Task item — The expected output is the first line of the data below and every line after it, up to and including the line containing "doc.units = 0", each reproduced exactly.

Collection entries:
++++

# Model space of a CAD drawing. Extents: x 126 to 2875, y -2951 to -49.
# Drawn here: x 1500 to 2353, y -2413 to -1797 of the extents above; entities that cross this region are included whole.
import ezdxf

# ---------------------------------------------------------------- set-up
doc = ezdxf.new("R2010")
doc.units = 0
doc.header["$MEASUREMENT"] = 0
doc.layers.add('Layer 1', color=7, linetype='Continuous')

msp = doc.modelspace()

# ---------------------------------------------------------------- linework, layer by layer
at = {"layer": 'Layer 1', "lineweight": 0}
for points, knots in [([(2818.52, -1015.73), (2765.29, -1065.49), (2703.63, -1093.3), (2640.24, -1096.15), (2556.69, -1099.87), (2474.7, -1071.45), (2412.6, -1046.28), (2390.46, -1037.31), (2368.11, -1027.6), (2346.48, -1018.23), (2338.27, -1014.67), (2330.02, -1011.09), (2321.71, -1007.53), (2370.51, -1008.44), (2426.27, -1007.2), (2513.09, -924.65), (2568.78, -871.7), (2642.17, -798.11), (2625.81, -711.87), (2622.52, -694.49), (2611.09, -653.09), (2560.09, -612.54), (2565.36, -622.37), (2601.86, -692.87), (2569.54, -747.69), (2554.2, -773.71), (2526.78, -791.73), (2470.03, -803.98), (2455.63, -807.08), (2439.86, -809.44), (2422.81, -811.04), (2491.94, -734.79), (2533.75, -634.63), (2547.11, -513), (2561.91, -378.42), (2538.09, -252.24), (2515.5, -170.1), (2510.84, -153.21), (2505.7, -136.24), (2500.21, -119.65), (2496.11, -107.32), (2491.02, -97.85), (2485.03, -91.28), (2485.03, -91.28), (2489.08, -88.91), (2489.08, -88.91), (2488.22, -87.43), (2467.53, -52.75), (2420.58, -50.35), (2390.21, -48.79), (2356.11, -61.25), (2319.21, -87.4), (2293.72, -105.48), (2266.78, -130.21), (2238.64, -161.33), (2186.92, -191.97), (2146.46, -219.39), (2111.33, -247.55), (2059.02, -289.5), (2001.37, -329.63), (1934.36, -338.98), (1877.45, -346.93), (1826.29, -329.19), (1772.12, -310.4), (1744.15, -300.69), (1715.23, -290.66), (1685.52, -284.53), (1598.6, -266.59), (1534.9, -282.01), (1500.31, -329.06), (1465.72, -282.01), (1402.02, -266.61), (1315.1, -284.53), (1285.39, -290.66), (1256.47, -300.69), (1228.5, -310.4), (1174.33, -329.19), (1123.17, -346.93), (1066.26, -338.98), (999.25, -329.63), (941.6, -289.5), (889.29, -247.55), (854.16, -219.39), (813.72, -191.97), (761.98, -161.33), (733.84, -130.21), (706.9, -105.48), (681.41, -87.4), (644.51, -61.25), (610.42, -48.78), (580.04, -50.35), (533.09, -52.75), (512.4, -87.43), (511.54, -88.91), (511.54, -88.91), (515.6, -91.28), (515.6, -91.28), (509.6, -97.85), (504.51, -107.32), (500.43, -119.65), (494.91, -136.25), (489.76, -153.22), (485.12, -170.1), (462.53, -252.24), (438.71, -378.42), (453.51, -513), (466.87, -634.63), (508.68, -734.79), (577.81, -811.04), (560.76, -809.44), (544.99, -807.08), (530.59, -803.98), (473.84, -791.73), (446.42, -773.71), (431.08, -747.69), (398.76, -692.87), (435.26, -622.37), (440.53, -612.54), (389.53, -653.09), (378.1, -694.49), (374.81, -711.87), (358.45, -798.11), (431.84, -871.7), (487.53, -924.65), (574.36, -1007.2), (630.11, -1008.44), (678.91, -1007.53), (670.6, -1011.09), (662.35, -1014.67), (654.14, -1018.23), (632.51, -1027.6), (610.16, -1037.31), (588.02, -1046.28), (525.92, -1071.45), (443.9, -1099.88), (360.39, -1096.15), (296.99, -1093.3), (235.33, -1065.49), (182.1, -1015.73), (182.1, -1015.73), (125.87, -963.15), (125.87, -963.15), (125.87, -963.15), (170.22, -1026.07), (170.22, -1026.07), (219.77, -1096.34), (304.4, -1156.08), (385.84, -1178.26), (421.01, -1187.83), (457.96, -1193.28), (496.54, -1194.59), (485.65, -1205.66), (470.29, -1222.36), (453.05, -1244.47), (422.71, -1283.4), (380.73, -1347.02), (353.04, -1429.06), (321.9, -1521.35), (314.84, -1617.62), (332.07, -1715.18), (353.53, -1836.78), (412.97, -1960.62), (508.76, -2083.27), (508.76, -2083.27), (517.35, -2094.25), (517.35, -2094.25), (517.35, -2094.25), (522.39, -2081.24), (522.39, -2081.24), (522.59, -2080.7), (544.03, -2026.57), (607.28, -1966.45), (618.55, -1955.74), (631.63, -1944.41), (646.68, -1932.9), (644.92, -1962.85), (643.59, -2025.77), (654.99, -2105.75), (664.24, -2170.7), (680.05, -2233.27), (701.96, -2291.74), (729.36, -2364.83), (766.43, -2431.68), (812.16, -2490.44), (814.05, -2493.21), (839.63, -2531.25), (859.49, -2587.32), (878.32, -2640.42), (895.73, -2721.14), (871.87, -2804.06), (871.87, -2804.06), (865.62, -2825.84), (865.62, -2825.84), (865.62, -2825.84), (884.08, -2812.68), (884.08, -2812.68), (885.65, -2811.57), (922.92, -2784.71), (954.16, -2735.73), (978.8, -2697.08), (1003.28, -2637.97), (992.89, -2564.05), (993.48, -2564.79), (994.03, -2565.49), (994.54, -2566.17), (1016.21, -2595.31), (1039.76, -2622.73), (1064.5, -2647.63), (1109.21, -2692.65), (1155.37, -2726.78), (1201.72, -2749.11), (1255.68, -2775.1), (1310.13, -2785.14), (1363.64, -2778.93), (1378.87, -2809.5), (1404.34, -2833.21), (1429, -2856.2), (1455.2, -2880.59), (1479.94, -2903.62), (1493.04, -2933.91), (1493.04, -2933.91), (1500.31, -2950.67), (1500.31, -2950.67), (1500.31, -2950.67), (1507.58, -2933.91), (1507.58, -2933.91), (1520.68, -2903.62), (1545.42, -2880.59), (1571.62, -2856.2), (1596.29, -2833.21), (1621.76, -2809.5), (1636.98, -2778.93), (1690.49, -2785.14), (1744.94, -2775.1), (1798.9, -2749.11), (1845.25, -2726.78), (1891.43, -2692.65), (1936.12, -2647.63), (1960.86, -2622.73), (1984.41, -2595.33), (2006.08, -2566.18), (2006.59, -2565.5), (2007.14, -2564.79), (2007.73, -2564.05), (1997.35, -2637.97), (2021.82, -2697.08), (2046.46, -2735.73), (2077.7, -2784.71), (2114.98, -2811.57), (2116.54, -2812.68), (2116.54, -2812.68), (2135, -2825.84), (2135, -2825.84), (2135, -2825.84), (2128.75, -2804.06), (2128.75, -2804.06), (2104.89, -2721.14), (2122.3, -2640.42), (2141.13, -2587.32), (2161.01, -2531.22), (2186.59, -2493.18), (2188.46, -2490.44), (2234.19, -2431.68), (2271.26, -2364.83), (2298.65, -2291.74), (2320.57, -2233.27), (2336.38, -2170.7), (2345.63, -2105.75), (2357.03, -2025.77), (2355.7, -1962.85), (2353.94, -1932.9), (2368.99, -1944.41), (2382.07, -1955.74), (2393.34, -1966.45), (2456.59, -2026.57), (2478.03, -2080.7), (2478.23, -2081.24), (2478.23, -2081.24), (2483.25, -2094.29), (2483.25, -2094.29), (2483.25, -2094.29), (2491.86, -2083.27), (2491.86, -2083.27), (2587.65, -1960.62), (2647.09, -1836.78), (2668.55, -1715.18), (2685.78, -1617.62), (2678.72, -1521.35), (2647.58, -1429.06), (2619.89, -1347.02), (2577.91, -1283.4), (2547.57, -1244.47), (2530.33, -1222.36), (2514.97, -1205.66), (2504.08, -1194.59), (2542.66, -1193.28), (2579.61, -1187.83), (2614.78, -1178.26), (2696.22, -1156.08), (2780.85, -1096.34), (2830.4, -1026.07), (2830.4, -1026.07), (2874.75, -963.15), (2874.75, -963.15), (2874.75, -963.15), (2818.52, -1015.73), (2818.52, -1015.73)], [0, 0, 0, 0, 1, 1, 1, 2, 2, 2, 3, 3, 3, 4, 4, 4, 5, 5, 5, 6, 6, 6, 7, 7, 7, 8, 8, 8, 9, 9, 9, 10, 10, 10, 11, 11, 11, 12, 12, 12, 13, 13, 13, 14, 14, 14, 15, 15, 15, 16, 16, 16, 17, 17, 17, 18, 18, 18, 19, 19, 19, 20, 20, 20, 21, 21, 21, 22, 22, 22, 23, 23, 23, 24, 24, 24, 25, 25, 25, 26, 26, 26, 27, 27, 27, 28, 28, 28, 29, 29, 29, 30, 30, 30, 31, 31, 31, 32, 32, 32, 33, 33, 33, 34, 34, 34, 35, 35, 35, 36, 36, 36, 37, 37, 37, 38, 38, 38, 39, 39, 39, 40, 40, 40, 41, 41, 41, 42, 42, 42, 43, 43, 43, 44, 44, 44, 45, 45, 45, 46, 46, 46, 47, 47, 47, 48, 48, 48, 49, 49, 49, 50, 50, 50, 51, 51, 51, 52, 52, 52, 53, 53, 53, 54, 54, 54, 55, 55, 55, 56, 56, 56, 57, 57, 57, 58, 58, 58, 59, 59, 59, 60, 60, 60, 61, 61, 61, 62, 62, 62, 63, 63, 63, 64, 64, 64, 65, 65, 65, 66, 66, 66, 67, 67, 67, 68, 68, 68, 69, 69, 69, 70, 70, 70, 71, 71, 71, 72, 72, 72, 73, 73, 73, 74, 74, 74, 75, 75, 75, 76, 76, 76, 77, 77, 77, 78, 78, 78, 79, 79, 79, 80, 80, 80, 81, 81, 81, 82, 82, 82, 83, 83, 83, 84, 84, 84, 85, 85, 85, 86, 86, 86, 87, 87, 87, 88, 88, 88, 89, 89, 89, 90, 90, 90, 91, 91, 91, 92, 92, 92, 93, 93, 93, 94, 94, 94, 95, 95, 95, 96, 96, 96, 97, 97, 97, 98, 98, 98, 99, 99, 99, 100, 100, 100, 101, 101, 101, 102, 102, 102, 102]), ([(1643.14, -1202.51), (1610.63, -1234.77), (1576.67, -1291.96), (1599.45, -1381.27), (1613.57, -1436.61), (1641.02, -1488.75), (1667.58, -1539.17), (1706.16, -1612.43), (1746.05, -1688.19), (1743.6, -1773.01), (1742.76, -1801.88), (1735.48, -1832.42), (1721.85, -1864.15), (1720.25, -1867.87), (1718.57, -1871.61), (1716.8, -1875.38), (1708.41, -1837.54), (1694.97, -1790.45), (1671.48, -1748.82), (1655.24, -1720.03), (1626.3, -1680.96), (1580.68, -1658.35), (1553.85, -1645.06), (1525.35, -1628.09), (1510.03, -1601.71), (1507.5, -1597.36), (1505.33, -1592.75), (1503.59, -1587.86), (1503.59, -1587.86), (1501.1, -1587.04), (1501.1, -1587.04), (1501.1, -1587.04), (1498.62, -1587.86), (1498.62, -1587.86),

++++

Answer space —
# Model space of a CAD drawing. Extents: x 126 to 2875, y -2951 to -49.
# Drawn here: x 1500 to 2353, y -2413 to -1797 of the extents above; entities that cross this region are included whole.
import ezdxf

# ---------------------------------------------------------------- set-up
doc = ezdxf.new("R2010")
doc.units = 0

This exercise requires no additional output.